Combining PDF Documents
How many times have you found that your institution has access to a digital version of a book you need only to discover that it comes in 15 different PDF files? I use Zotero as my reference manager and it’s difficult to attach more than one file to an entry, so I’ve certaintly spent time in the past painstakingly combining every section of a book together before adding it to Zotero. I finally got tired of doing this by hand and wrote a short Bash script to automate this process. Now I can combine as many PDFs as I want with a single command!
How it works
My solution relies on Ghostscript to combine multiple PDF files from the command line. On a Mac you can easily install Ghostscript using Homebrew by running
brew install ghostscript
Once you’ve done that you’ve got everything you need. Create a shell script and put the following in it
#!/bin/bash if [[ $# -eq 0 ]]; then gs -dBATCH -dNOPAUSE -q -sDEVICE=pdfwrite -sOutputFile=output.pdf *.pdf else gs -dBATCH -dNOPAUSE -q -sDEVICE=pdfwrite -sOutputFile=$1 *.pdf fi
The script first checks if you’ve supplied an output filename as an argument, and if not uses the default name of
output.pdf. Be aware of where you run this script as it will overwrite a file called
output.pdf if it exists in the active directory! If you have supplied an output filename, it will use that instead of
To actually run this script, there are two steps left:
- Make it executable
- Add it to your PATH
Making your script executable is relatively straightforward. Use the
chmod +x command in Terminal on your script. I saved mine as
PDFcombine.sh so I ran
chmod +x PDFcombine.sh. Putting your script on your PATH just ensures that your Terminal will be able to find it when you call it to combine PDF files. It’s a little more complicated so I’ll just link to this excellent StackExchange answer on how to do so. On my system this script lives in a directory in my Dropbox with similar other small utilities called
Bash, so my
.bash_profile has these lines in it
# custom bash scripts export PATH=$PATH:/Users/Rob/Dropbox/Methods/Bash
to add it to my PATH. As an added bonus Ghostscript will (usually) rotate any pages containing sideways tables or figures!

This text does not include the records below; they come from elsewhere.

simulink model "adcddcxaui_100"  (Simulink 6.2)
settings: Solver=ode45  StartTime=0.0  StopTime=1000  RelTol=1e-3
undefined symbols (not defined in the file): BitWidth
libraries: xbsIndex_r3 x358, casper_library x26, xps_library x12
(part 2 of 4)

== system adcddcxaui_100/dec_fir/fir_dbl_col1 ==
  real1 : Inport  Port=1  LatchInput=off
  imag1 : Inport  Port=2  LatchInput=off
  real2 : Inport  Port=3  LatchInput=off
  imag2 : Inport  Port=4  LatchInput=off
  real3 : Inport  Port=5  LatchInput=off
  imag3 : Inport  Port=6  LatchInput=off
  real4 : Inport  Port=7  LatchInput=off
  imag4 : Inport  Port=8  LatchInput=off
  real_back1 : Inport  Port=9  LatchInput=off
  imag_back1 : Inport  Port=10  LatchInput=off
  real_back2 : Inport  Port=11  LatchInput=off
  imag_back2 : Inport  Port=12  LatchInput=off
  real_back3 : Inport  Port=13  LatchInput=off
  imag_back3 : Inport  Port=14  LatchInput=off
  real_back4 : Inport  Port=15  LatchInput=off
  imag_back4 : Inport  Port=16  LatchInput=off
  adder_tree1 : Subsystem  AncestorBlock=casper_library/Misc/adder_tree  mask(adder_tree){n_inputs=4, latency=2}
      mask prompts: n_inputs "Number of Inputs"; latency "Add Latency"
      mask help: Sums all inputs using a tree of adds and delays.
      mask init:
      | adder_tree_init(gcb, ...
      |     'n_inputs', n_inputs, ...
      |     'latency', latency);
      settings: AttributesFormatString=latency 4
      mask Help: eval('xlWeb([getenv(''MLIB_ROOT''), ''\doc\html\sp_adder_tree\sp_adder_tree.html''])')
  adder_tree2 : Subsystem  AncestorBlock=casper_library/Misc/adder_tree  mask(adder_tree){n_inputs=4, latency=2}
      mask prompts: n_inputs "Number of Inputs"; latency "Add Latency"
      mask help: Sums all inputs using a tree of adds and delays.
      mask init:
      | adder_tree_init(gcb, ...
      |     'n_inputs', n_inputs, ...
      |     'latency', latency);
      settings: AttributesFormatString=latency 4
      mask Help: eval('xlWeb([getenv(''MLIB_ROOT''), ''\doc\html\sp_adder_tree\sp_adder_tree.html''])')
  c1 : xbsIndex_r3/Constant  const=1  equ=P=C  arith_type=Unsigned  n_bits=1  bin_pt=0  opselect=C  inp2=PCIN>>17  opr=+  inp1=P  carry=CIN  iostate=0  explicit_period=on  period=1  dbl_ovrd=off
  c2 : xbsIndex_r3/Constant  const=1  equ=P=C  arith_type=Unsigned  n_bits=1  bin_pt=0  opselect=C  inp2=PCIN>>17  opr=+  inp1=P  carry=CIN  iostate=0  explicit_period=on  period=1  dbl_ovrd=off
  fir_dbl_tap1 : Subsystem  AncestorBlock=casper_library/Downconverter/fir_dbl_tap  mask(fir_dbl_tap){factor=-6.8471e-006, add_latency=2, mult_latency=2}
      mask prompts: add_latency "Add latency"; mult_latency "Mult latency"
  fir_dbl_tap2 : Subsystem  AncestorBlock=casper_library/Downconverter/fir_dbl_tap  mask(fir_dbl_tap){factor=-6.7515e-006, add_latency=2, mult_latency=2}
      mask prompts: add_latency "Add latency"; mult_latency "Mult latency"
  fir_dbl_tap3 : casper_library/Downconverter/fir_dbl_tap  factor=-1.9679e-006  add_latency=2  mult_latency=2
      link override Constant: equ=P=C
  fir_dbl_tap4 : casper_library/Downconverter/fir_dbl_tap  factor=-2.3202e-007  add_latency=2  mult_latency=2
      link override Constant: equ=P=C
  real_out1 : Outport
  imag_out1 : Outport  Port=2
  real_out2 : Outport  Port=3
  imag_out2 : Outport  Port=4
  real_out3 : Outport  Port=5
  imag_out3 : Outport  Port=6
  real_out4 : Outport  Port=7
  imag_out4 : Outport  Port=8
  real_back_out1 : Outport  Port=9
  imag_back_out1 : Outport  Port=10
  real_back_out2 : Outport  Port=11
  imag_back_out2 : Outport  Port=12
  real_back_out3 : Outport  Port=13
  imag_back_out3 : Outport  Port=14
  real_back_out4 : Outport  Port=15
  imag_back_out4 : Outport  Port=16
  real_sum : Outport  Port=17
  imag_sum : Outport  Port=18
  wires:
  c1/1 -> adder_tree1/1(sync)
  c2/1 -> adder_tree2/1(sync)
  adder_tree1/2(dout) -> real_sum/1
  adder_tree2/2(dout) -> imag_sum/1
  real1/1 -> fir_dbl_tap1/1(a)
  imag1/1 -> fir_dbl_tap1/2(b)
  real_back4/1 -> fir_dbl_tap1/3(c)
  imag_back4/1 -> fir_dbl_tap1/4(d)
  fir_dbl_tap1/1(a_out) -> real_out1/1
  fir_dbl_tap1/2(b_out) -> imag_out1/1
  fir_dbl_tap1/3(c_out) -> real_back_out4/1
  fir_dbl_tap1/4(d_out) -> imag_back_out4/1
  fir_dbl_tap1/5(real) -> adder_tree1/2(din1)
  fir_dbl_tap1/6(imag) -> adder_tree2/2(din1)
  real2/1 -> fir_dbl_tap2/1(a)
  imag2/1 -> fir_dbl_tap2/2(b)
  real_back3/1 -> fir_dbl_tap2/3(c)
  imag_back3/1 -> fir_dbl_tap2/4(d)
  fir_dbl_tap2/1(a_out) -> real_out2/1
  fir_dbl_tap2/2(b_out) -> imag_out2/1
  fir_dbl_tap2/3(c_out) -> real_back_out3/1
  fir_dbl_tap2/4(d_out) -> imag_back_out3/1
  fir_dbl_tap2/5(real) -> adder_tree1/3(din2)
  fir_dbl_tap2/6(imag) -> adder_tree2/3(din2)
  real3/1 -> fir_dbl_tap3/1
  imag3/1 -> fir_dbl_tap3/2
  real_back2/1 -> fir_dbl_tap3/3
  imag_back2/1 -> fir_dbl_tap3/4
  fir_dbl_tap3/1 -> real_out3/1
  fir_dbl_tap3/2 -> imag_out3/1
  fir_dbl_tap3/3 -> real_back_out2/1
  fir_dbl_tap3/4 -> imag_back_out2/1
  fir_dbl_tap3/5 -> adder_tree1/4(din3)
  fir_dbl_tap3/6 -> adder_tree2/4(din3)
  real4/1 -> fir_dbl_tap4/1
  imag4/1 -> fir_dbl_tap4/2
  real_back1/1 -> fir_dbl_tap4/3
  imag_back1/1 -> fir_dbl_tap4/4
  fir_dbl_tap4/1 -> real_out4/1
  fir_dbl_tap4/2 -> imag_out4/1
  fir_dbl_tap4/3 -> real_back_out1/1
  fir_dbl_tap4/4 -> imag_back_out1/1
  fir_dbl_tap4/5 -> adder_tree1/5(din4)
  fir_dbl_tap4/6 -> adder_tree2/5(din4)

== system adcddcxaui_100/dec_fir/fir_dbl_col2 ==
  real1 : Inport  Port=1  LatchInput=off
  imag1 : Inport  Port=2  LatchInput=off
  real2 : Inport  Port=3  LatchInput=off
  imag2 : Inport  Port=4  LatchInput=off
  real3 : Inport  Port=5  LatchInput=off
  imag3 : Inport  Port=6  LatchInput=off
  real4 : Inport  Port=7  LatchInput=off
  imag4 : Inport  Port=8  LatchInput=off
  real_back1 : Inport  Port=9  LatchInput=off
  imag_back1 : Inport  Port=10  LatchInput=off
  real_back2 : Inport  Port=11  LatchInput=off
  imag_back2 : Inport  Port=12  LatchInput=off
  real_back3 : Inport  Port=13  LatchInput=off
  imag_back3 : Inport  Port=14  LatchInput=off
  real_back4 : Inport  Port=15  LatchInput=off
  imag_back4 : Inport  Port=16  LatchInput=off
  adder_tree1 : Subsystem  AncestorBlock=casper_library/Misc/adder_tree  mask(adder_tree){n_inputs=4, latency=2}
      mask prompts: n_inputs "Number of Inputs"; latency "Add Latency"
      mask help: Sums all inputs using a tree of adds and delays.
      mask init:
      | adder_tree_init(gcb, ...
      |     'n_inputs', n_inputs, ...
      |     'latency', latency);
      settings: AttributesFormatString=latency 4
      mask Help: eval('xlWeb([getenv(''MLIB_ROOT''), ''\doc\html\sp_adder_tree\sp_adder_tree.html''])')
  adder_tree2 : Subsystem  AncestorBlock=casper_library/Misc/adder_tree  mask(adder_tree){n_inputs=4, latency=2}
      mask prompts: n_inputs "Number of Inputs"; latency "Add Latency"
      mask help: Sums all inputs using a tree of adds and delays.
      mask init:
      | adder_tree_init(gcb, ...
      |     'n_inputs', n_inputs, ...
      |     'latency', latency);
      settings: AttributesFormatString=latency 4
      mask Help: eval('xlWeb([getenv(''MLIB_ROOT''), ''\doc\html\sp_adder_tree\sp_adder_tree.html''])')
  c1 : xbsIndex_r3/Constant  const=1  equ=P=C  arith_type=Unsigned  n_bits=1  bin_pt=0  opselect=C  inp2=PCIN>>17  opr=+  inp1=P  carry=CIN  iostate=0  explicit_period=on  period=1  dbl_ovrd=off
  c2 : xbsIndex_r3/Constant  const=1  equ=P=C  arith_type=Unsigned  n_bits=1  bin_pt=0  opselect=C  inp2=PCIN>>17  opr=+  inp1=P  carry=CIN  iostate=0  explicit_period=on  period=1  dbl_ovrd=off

This script will combine PDF files in the order that
ls *.pdf returns them. By default, this will be an alphabetic sort, so the files 1.pdf, 2.pdf, and 10.pdf would be combined in the following order: 1.pdf, 10.pdf, 2.pdf.
You can fix this by adding leading zeroes to all filenames so that each ID string is the same length. Most digital versions of books give you filenames like this, but be sure to check, otherwise your combined PDF might require a lot of skipping around. This script can be written to perform a natural sort of input files, but the code to do so is more complex, so I’ll cover it in a future post.